→ Description of the task
Up to and including the final line, retype each line of the records below, starting with the one that contains "Sign1/1 -> Product1/2".

Records drawn from a dataset:

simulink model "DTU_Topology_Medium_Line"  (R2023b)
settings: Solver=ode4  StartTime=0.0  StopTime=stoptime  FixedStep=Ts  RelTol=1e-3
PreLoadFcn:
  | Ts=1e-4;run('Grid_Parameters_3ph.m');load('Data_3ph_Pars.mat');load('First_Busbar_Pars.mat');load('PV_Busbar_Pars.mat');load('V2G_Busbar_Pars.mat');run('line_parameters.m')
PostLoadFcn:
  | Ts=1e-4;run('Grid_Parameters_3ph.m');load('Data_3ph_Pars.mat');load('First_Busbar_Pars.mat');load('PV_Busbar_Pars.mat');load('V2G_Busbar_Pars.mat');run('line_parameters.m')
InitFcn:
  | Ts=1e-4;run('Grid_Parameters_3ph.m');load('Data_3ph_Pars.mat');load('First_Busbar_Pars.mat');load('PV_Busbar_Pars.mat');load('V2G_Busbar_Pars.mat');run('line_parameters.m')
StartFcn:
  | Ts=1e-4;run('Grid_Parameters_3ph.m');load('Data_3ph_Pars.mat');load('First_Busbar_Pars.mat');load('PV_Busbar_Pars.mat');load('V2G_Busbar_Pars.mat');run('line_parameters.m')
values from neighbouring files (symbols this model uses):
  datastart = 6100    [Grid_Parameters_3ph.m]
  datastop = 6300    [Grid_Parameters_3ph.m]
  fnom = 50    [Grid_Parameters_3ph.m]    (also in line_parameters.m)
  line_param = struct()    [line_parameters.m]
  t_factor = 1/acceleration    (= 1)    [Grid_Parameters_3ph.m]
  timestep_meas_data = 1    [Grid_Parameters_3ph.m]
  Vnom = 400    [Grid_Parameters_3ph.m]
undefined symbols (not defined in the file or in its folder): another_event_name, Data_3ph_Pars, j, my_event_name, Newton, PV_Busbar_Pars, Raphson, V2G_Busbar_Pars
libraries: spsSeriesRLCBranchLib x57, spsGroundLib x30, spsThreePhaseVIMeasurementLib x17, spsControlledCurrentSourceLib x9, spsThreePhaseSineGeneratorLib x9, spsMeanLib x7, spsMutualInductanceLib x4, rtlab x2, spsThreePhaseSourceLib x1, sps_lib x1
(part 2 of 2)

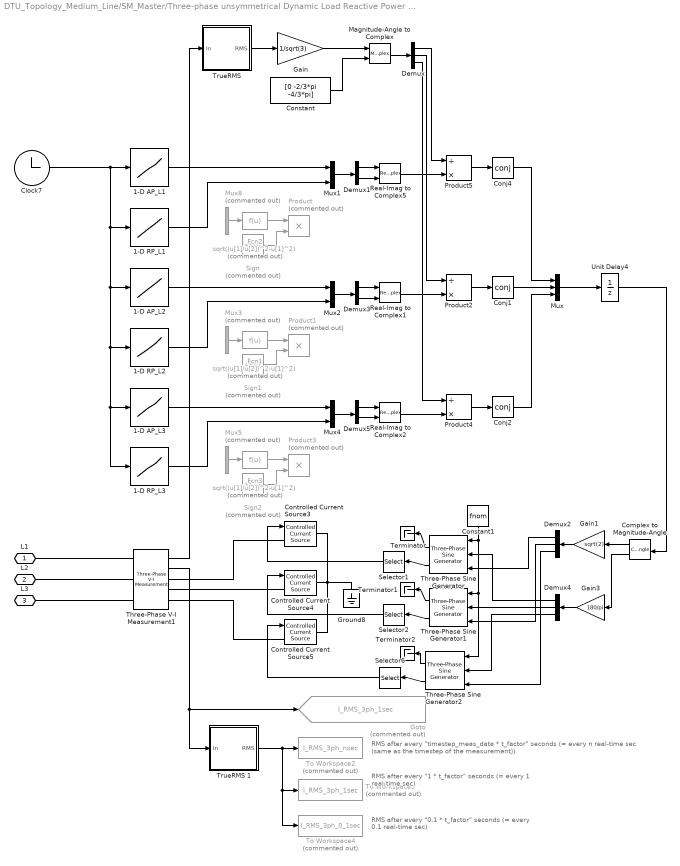
== system DTU_Topology_Medium_Line/SM_Master/Three-phase unsymmetrical Dynamic Load Reactive Power input PV ==
  note: RMS after every "1 * t_factor" seconds
      | (= every 1 real-time sec)
  note: RMS after every "0.1 * t_factor" seconds
      | (= every 0.1 real-time sec)
  note: RMS after every "timestep_meas_data * t_factor" seconds
      | (= every n real-time sec (same as the timestep of the measurement))
  1-D AP_L1 : Lookup_n-D  NumberOfTableDimensions=1  BreakpointsForDimension1=t_factor * [0:timestep_meas_data:(PV_Busbar_Pars.Time(datastop)-PV_Busbar_Pars.Time(datastart))]'  Table=PV_Busbar_Pars.ActivePowerL1(datastart:datastop)  InterpMethod=Flat  InternalRulePriority=Speed  RndMeth=Simplest
  1-D AP_L2 : Lookup_n-D  NumberOfTableDimensions=1  BreakpointsForDimension1=t_factor * [0:timestep_meas_data:(PV_Busbar_Pars.Time(datastop)-PV_Busbar_Pars.Time(datastart))]'  Table=PV_Busbar_Pars.ActivePowerL2(datastart:datastop)  InterpMethod=Flat  InternalRulePriority=Speed  RndMeth=Simplest
  1-D AP_L3 : Lookup_n-D  NumberOfTableDimensions=1  BreakpointsForDimension1=t_factor * [0:timestep_meas_data:(PV_Busbar_Pars.Time(datastop)-PV_Busbar_Pars.Time(datastart))]'  Table=PV_Busbar_Pars.ActivePowerL3(datastart:datastop)  InterpMethod=Flat  InternalRulePriority=Speed  RndMeth=Simplest
  1-D RP_L1 : Lookup_n-D  NumberOfTableDimensions=1  BreakpointsForDimension1=t_factor * [0:timestep_meas_data:(PV_Busbar_Pars.Time(datastop)-PV_Busbar_Pars.Time(datastart))]'  Table=PV_Busbar_Pars.ReactivePowerL1(datastart:datastop)  InterpMethod=Flat  InternalRulePriority=Speed  RndMeth=Simplest
  1-D RP_L2 : Lookup_n-D  NumberOfTableDimensions=1  BreakpointsForDimension1=t_factor * [0:timestep_meas_data:(PV_Busbar_Pars.Time(datastop)-PV_Busbar_Pars.Time(datastart))]'  Table=PV_Busbar_Pars.ReactivePowerL2(datastart:datastop)  InterpMethod=Flat  InternalRulePriority=Speed  RndMeth=Simplest
  1-D RP_L3 : Lookup_n-D  NumberOfTableDimensions=1  BreakpointsForDimension1=t_factor * [0:timestep_meas_data:(PV_Busbar_Pars.Time(datastop)-PV_Busbar_Pars.Time(datastart))]'  Table=PV_Busbar_Pars.ReactivePowerL3(datastart:datastop)  InterpMethod=Flat  InternalRulePriority=Speed  RndMeth=Simplest
  Clock7 : Clock
  Complex to Magnitude-Angle : ComplexToMagnitudeAngle
  Conj1 : Math  Operator=conj  SignedPower=on
  Conj2 : Math  Operator=conj  SignedPower=on
  Conj4 : Math  Operator=conj  SignedPower=on
  Constant : Constant  Value=[0 -2/3*pi -4/3*pi]
  Constant1 : Constant  Value=fnom
  Controlled Current Source3 : spsControlledCurrentSourceLib/Controlled Current Source  Initialize=on  Source_Type=AC  Amplitude=0  Phase=0  Frequency=50  Measurements=Current
  Controlled Current Source4 : spsControlledCurrentSourceLib/Controlled Current Source  Initialize=on  Source_Type=AC  Amplitude=0  Phase=0  Frequency=50  Measurements=Current
  Controlled Current Source5 : spsControlledCurrentSourceLib/Controlled Current Source  Initialize=on  Source_Type=AC  Amplitude=0  Phase=0  Frequency=50  Measurements=Current
  Demux : Demux  Outputs=3
  Demux1 : Demux  Outputs=2
      settings: DisplayOption=none
  Demux2 : Demux  Outputs=3
  Demux3 : Demux  Outputs=2
      settings: DisplayOption=none
  Demux4 : Demux  Outputs=3
  Demux5 : Demux  Outputs=2
      settings: DisplayOption=none
  Fcn1 : Fcn  Commented=on  Expr=sqrt((u[1]/u[2])^2-u[1]^2)
  Fcn2 : Fcn  Commented=on  Expr=sqrt((u[1]/u[2])^2-u[1]^2)
  Fcn3 : Fcn  Commented=on  Expr=sqrt((u[1]/u[2])^2-u[1]^2)
  Gain : Gain  Gain=1/sqrt(3)
  Gain1 : Gain  Gain=sqrt(2)
  Gain3 : Gain  Gain=180/pi
  Goto : Goto  Commented=on  GotoTag=I_RMS_3ph_1sec  TagVisibility=global
  Ground8 : spsGroundLib/Ground  LConnTagsString=a
  Magnitude-Angle to Complex : MagnitudeAngleToComplex
  Mux : Mux  Inputs=3
  Mux1 : Mux  Inputs=2
  Mux2 : Mux  Inputs=2
  Mux3 : Mux  Commented=on  Inputs=2
  Mux4 : Mux  Inputs=2
  Mux5 : Mux  Commented=on  Inputs=2
  Mux8 : Mux  Commented=on  Inputs=2
  Product : Product  Commented=on
  Product1 : Product  Commented=on
  Product2 : Product  Inputs=/*  InputSameDT=on  SaturateOnIntegerOverflow=on  OutDataTypeStr=Inherit: Same as first input
  Product3 : Product  Commented=on
  Product4 : Product  Inputs=/*  InputSameDT=on  SaturateOnIntegerOverflow=on  OutDataTypeStr=Inherit: Same as first input
  Product5 : Product  Inputs=/*  InputSameDT=on  SaturateOnIntegerOverflow=on  OutDataTypeStr=Inherit: Same as first input
  Real-Imag to Complex1 : RealImagToComplex
  Real-Imag to Complex2 : RealImagToComplex
  Real-Imag to Complex5 : RealImagToComplex
  Selector1 : Selector  InputPortWidth=3  IndexOptions=Index vector (dialog)  Indices=1  OutputSizes=1
  Selector2 : Selector  InputPortWidth=3  IndexOptions=Index vector (dialog)  Indices=1  OutputSizes=1
  Selector6 : Selector  InputPortWidth=3  IndexOptions=Index vector (dialog)  Indices=1  OutputSizes=1
  Sign : Signum  Commented=on
  Sign1 : Signum  Commented=on
  Sign2 : Signum  Commented=on
  Terminator : Terminator
  Terminator1 : Terminator
  Terminator2 : Terminator
  Three-Phase Sine Generator : spsThreePhaseSineGeneratorLib/Three-Phase Sine Generator  Ts=0
      settings: LibrarySourceBlock=|
      | sps_lib/Sources/Signal Generator Sources/Three-Phase
      | Sine Generator
  Three-Phase Sine Generator1 : spsThreePhaseSineGeneratorLib/Three-Phase Sine Generator  Ts=0
      settings: LibrarySourceBlock=|
      | sps_lib/Sources/Signal Generator Sources/Three-Phase
      | Sine Generator
  Three-Phase Sine Generator2 : spsThreePhaseSineGeneratorLib/Three-Phase Sine Generator  Ts=0
      settings: LibrarySourceBlock=|
      | sps_lib/Sources/Signal Generator Sources/Three-Phase
      | Sine Generator
  Three-Phase V-I Measurement1 : spsThreePhaseVIMeasurementLib/Three-Phase V-I Measurement  VoltageMeasurement=phase-to-phase  SetLabelV=off  LabelV=Vabc  Vpu=off  VpuLL=off  CurrentMeasurement=yes  SetLabelI=off  LabelI=Iabc  Ipu=off  Pbase=100e6  Vbase=Vnom*sqrt(3)  OutputType=Complex  PhasorSimulation=off  PSBequivalent=0
  To Workspace2 : ToWorkspace  Commented=on  VariableName=I_RMS_3ph_nsec  SampleTime=timestep_meas_data * t_factor
  To Workspace4 : ToWorkspace  Commented=on  VariableName=I_RMS_3ph_0_1sec  SampleTime=0.1 * t_factor
  To Workspace5 : ToWorkspace  Commented=on  VariableName=I_RMS_3ph_1sec  SampleTime=1 * t_factor
  "TrueRMS " : Subsystem  AncestorBlock=powerlib_meascontrol/Measurements/RMS/TrueRMS
  TrueRMS 1 : Subsystem  AncestorBlock=powerlib_meascontrol/Measurements/RMS/TrueRMS
  Unit Delay4 : UnitDelay  InitialCondition=0*exp(-j*0*pi/180)  SampleTime=Ts  HasFrameUpgradeWarning=on
  L1 : PMIOPort  Side=Right
  L2 : PMIOPort  Port=2  Side=Right
  L3 : PMIOPort  Port=3  Side=Right
  wires:
  1-D AP_L1/1 -> Mux1/1
  Product5/1 -> Conj4/1
  Fcn2/1 -> Product/1
  Three-Phase V-I Measurement1/2 -> Goto/1, TrueRMS 1/1(In)
  Mux1/1 -> Demux1/1
  Real-Imag to Complex5/1 -> Product5/2
  Clock7/1 -> 1-D RP_L1/1, 1-D RP_L2/1, 1-D AP_L3/1, 1-D RP_L3/1, 1-D AP_L2/1, 1-D AP_L1/1
  Sign/1 -> Product/2
  Mux8/1 -> Fcn2/1
  TrueRMS 1/1(RMS) -> To Workspace2/1, To Workspace5/1, To Workspace4/1
  Constant/1 -> Magnitude-Angle to Complex/2
  Demux/1 -> Product5/1
  Demux/2 -> Product2/1
  Demux/3 -> Product4/1
  Magnitude-Angle to Complex/1 -> Demux/1
  Gain/1 -> Magnitude-Angle to Complex/1
  Mux/1 -> Unit Delay4/1
  Complex to Magnitude-Angle/1 -> Gain1/1
  Three-Phase Sine Generator/1 -> Selector1/1
  Three-Phase Sine Generator1/1 -> Selector2/1
  Three-Phase Sine Generator2/1 -> Selector6/1
  Selector2/1 -> Controlled Current Source4/1
  Selector6/1 -> Controlled Current Source5/1
  Demux2/1 -> Three-Phase Sine Generator/1
  Demux2/2 -> Three-Phase Sine Generator1/1
  Demux2/3 -> Three-Phase Sine Generator2/1
  Conj4/1 -> Mux/1
  Conj1/1 -> Mux/2
  Conj2/1 -> Mux/3
  Constant1/1 -> Three-Phase Sine Generator/3, Three-Phase Sine Generator2/3, Three-Phase Sine Generator1/3
  Complex to Magnitude-Angle/2 -> Gain3/1
  Gain3/1 -> Demux4/1
  Selector1/1 -> Controlled Current Source3/1
  Demux4/1 -> Three-Phase Sine Generator/2
  Demux4/2 -> Three-Phase Sine Generator1/2
  Demux4/3 -> Three-Phase Sine Generator2/2
  Gain1/1 -> Demux2/1
  Demux1/1 -> Real-Imag to Complex5/1
  Demux1/2 -> Real-Imag to Complex5/2
  "TrueRMS "/1(RMS) -> Gain/1
  Three-Phase V-I Measurement1/1 -> "TrueRMS "/1(In)
  Unit Delay4/1 -> Complex to Magnitude-Angle/1
  Mux2/1 -> Demux3/1
  Demux3/2 -> Real-Imag to Complex1/2
  Real-Imag to Complex1/1 -> Product2/2
  Sign1/1 -> Product1/2
  Demux3/1 -> Real-Imag to Complex1/1
  Mux3/1 -> Fcn1/1
  1-D AP_L2/1 -> Mux2/1
  Product2/1 -> Conj1/1
  Fcn1/1 -> Product1/1
  Mux4/1 -> Demux5/1
  Demux5/2 -> Real-Imag to Complex2/2
  Real-Imag to Complex2/1 -> Product4/2
  Sign2/1 -> Product3/2
  Demux5/1 -> Real-Imag to Complex2/1
  Mux5/1 -> Fcn3/1
  1-D AP_L3/1 -> Mux4/1
  Product4/1 -> Conj2/1
  Fcn3/1 -> Product3/1
  1-D RP_L1/1 -> Mux1/2
  1-D RP_L2/1 -> Mux2/2
  1-D RP_L3/1 -> Mux4/2
  Three-Phase Sine Generator/2 -> Terminator/1
  Three-Phase Sine Generator1/2 -> Terminator1/1
  Three-Phase Sine Generator2/2 -> Terminator2/1
  connections:
  Three-Phase V-I Measurement1/RConn2 -- Controlled Current Source4/LConn1
  Three-Phase V-I Measurement1/RConn1 -- Controlled Current Source3/LConn1
  Three-Phase V-I Measurement1/RConn3 -- Controlled Current Source5/LConn1
  Controlled Current Source3/RConn1 -- Controlled Current Source4/RConn1 -- Ground8/LConn1 -- Controlled Current Source5/RConn1
  L1/RConn1 -- Three-Phase V-I Measurement1/LConn1
  Three-Phase V-I Measurement1/LConn2 -- L2/RConn1
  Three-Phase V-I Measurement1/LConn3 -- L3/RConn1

→ Expected output
  Sign1/1 -> Product1/2
  Demux3/1 -> Real-Imag to Complex1/1
  Mux3/1 -> Fcn1/1
  1-D AP_L2/1 -> Mux2/1
  Product2/1 -> Conj1/1
  Fcn1/1 -> Product1/1
  Mux4/1 -> Demux5/1
  Demux5/2 -> Real-Imag to Complex2/2
  Real-Imag to Complex2/1 -> Product4/2
  Sign2/1 -> Product3/2
  Demux5/1 -> Real-Imag to Complex2/1
  Mux5/1 -> Fcn3/1
  1-D AP_L3/1 -> Mux4/1
  Product4/1 -> Conj2/1
  Fcn3/1 -> Product3/1
  1-D RP_L1/1 -> Mux1/2
  1-D RP_L2/1 -> Mux2/2
  1-D RP_L3/1 -> Mux4/2
  Three-Phase Sine Generator/2 -> Terminator/1
  Three-Phase Sine Generator1/2 -> Terminator1/1
  Three-Phase Sine Generator2/2 -> Terminator2/1
  connections:
  Three-Phase V-I Measurement1/RConn2 -- Controlled Current Source4/LConn1
  Three-Phase V-I Measurement1/RConn1 -- Controlled Current Source3/LConn1
  Three-Phase V-I Measurement1/RConn3 -- Controlled Current Source5/LConn1
  Controlled Current Source3/RConn1 -- Controlled Current Source4/RConn1 -- Ground8/LConn1 -- Controlled Current Source5/RConn1
  L1/RConn1 -- Three-Phase V-I Measurement1/LConn1
  Three-Phase V-I Measurement1/LConn2 -- L2/RConn1
  Three-Phase V-I Measurement1/LConn3 -- L3/RConn1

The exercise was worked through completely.